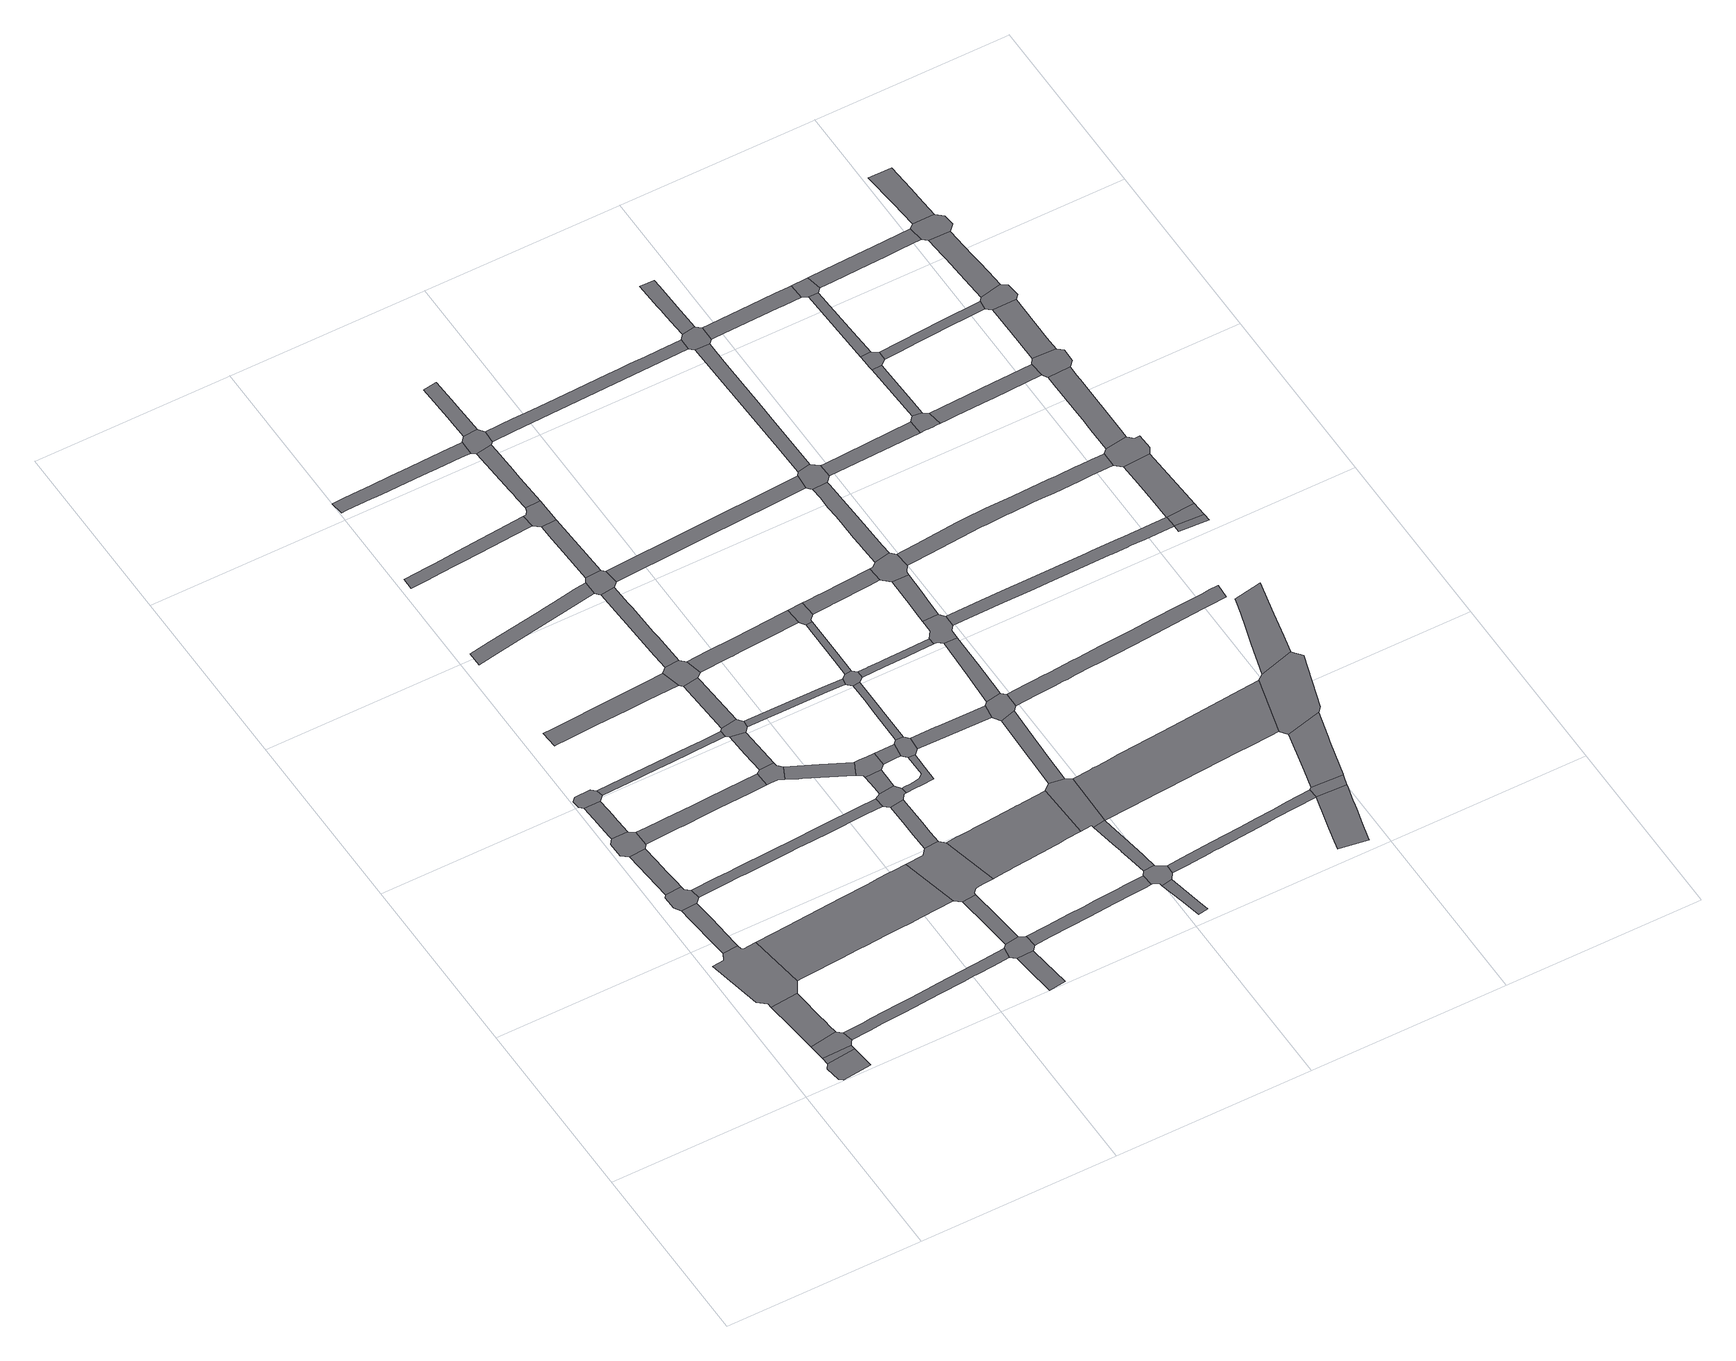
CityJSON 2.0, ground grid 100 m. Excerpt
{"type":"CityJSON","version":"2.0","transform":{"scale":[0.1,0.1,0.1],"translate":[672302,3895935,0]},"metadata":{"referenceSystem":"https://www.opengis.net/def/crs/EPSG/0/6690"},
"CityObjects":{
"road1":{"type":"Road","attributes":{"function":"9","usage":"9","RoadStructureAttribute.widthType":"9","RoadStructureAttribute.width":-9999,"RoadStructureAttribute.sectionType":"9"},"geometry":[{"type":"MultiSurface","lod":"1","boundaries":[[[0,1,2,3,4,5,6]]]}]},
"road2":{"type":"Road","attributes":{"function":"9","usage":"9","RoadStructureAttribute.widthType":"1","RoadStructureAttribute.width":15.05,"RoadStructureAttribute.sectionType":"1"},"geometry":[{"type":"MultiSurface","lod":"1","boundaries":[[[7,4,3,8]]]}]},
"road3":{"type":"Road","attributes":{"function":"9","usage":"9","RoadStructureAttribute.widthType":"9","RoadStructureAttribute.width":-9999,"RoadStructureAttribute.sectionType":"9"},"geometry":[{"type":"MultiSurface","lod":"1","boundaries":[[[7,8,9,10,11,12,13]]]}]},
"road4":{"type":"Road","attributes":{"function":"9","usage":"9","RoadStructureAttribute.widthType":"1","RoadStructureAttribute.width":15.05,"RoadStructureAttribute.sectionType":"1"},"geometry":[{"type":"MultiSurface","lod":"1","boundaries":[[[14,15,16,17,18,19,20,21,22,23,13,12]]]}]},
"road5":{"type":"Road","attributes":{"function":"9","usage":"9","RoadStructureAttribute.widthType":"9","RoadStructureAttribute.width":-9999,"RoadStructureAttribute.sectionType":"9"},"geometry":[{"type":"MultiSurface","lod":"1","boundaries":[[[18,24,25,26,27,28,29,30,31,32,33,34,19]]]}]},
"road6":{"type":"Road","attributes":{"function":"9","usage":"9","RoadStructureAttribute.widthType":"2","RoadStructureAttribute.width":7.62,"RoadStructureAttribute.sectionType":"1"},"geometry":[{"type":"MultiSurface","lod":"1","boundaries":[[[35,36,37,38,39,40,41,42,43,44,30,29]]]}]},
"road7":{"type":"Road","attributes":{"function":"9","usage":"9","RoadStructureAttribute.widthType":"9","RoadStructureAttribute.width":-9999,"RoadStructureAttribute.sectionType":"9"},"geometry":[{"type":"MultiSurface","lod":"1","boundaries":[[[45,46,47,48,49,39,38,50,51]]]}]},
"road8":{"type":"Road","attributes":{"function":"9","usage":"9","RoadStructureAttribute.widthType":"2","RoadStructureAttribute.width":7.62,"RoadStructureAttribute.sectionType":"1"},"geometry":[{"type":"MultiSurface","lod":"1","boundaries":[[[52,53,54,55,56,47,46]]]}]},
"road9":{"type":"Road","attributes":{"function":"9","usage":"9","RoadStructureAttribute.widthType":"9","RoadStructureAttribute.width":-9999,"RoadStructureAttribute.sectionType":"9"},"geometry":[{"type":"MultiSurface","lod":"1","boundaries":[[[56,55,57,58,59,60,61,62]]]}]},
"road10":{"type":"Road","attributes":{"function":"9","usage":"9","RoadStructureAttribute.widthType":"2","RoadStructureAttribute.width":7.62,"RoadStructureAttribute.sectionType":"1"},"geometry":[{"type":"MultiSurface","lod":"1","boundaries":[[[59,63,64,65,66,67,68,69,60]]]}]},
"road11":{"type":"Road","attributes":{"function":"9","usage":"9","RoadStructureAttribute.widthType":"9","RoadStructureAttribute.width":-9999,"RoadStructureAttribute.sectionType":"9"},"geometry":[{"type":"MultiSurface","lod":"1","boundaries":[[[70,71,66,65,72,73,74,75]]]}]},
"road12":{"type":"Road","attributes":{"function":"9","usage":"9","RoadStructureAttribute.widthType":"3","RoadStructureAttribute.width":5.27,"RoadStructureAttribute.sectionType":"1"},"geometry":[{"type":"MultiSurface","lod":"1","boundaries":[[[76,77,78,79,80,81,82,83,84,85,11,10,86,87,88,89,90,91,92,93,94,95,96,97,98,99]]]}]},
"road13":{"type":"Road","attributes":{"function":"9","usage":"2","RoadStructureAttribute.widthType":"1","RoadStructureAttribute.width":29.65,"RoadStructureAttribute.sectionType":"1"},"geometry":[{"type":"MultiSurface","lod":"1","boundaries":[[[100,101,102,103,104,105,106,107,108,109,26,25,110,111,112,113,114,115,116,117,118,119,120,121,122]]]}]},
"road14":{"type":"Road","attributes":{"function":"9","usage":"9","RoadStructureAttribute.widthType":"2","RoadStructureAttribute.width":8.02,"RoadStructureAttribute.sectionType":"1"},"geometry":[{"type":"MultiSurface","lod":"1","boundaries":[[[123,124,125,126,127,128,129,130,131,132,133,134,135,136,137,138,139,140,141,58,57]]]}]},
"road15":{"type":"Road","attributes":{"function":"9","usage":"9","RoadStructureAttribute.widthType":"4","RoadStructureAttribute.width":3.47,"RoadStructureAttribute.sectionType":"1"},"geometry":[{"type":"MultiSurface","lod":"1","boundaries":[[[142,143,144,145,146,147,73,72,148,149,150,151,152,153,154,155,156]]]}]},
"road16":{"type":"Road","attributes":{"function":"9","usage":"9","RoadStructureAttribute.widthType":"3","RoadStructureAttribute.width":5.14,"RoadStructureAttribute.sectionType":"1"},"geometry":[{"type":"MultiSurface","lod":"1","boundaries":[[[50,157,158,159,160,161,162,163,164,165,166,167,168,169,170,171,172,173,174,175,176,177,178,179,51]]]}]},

→ **WORK TASK**: Could you repeat the listing above exactly, omitting its pictures?

→ **RESPONSE TO THIS TASK**:
CityJSON 2.0, ground grid 100 m. Excerpt
{"type":"CityJSON","version":"2.0","transform":{"scale":[0.1,0.1,0.1],"translate":[672302,3895935,0]},"metadata":{"referenceSystem":"https://www.opengis.net/def/crs/EPSG/0/6690"},
"CityObjects":{
"road1":{"type":"Road","attributes":{"function":"9","usage":"9","RoadStructureAttribute.widthType":"9","RoadStructureAttribute.width":-9999,"RoadStructureAttribute.sectionType":"9"},"geometry":[{"type":"MultiSurface","lod":"1","boundaries":[[[0,1,2,3,4,5,6]]]}]},
"road2":{"type":"Road","attributes":{"function":"9","usage":"9","RoadStructureAttribute.widthType":"1","RoadStructureAttribute.width":15.05,"RoadStructureAttribute.sectionType":"1"},"geometry":[{"type":"MultiSurface","lod":"1","boundaries":[[[7,4,3,8]]]}]},
"road3":{"type":"Road","attributes":{"function":"9","usage":"9","RoadStructureAttribute.widthType":"9","RoadStructureAttribute.width":-9999,"RoadStructureAttribute.sectionType":"9"},"geometry":[{"type":"MultiSurface","lod":"1","boundaries":[[[7,8,9,10,11,12,13]]]}]},
"road4":{"type":"Road","attributes":{"function":"9","usage":"9","RoadStructureAttribute.widthType":"1","RoadStructureAttribute.width":15.05,"RoadStructureAttribute.sectionType":"1"},"geometry":[{"type":"MultiSurface","lod":"1","boundaries":[[[14,15,16,17,18,19,20,21,22,23,13,12]]]}]},
"road5":{"type":"Road","attributes":{"function":"9","usage":"9","RoadStructureAttribute.widthType":"9","RoadStructureAttribute.width":-9999,"RoadStructureAttribute.sectionType":"9"},"geometry":[{"type":"MultiSurface","lod":"1","boundaries":[[[18,24,25,26,27,28,29,30,31,32,33,34,19]]]}]},
"road6":{"type":"Road","attributes":{"function":"9","usage":"9","RoadStructureAttribute.widthType":"2","RoadStructureAttribute.width":7.62,"RoadStructureAttribute.sectionType":"1"},"geometry":[{"type":"MultiSurface","lod":"1","boundaries":[[[35,36,37,38,39,40,41,42,43,44,30,29]]]}]},
"road7":{"type":"Road","attributes":{"function":"9","usage":"9","RoadStructureAttribute.widthType":"9","RoadStructureAttribute.width":-9999,"RoadStructureAttribute.sectionType":"9"},"geometry":[{"type":"MultiSurface","lod":"1","boundaries":[[[45,46,47,48,49,39,38,50,51]]]}]},
"road8":{"type":"Road","attributes":{"function":"9","usage":"9","RoadStructureAttribute.widthType":"2","RoadStructureAttribute.width":7.62,"RoadStructureAttribute.sectionType":"1"},"geometry":[{"type":"MultiSurface","lod":"1","boundaries":[[[52,53,54,55,56,47,46]]]}]},
"road9":{"type":"Road","attributes":{"function":"9","usage":"9","RoadStructureAttribute.widthType":"9","RoadStructureAttribute.width":-9999,"RoadStructureAttribute.sectionType":"9"},"geometry":[{"type":"MultiSurface","lod":"1","boundaries":[[[56,55,57,58,59,60,61,62]]]}]},
"road10":{"type":"Road","attributes":{"function":"9","usage":"9","RoadStructureAttribute.widthType":"2","RoadStructureAttribute.width":7.62,"RoadStructureAttribute.sectionType":"1"},"geometry":[{"type":"MultiSurface","lod":"1","boundaries":[[[59,63,64,65,66,67,68,69,60]]]}]},
"road11":{"type":"Road","attributes":{"function":"9","usage":"9","RoadStructureAttribute.widthType":"9","RoadStructureAttribute.width":-9999,"RoadStructureAttribute.sectionType":"9"},"geometry":[{"type":"MultiSurface","lod":"1","boundaries":[[[70,71,66,65,72,73,74,75]]]}]},
"road12":{"type":"Road","attributes":{"function":"9","usage":"9","RoadStructureAttribute.widthType":"3","RoadStructureAttribute.width":5.27,"RoadStructureAttribute.sectionType":"1"},"geometry":[{"type":"MultiSurface","lod":"1","boundaries":[[[76,77,78,79,80,81,82,83,84,85,11,10,86,87,88,89,90,91,92,93,94,95,96,97,98,99]]]}]},
"road13":{"type":"Road","attributes":{"function":"9","usage":"2","RoadStructureAttribute.widthType":"1","RoadStructureAttribute.width":29.65,"RoadStructureAttribute.sectionType":"1"},"geometry":[{"type":"MultiSurface","lod":"1","boundaries":[[[100,101,102,103,104,105,106,107,108,109,26,25,110,111,112,113,114,115,116,117,118,119,120,121,122]]]}]},
"road14":{"type":"Road","attributes":{"function":"9","usage":"9","RoadStructureAttribute.widthType":"2","RoadStructureAttribute.width":8.02,"RoadStructureAttribute.sectionType":"1"},"geometry":[{"type":"MultiSurface","lod":"1","boundaries":[[[123,124,125,126,127,128,129,130,131,132,133,134,135,136,137,138,139,140,141,58,57]]]}]},
"road15":{"type":"Road","attributes":{"function":"9","usage":"9","RoadStructureAttribute.widthType":"4","RoadStructureAttribute.width":3.47,"RoadStructureAttribute.sectionType":"1"},"geometry":[{"type":"MultiSurface","lod":"1","boundaries":[[[142,143,144,145,146,147,73,72,148,149,150,151,152,153,154,155,156]]]}]},
"road16":{"type":"Road","attributes":{"function":"9","usage":"9","RoadStructureAttribute.widthType":"3","RoadStructureAttribute.width":5.14,"RoadStructureAttribute.sectionType":"1"},"geometry":[{"type":"MultiSurface","lod":"1","boundaries":[[[50,157,158,159,160,161,162,163,164,165,166,167,168,169,170,171,172,173,174,175,176,177,178,179,51]]]}]},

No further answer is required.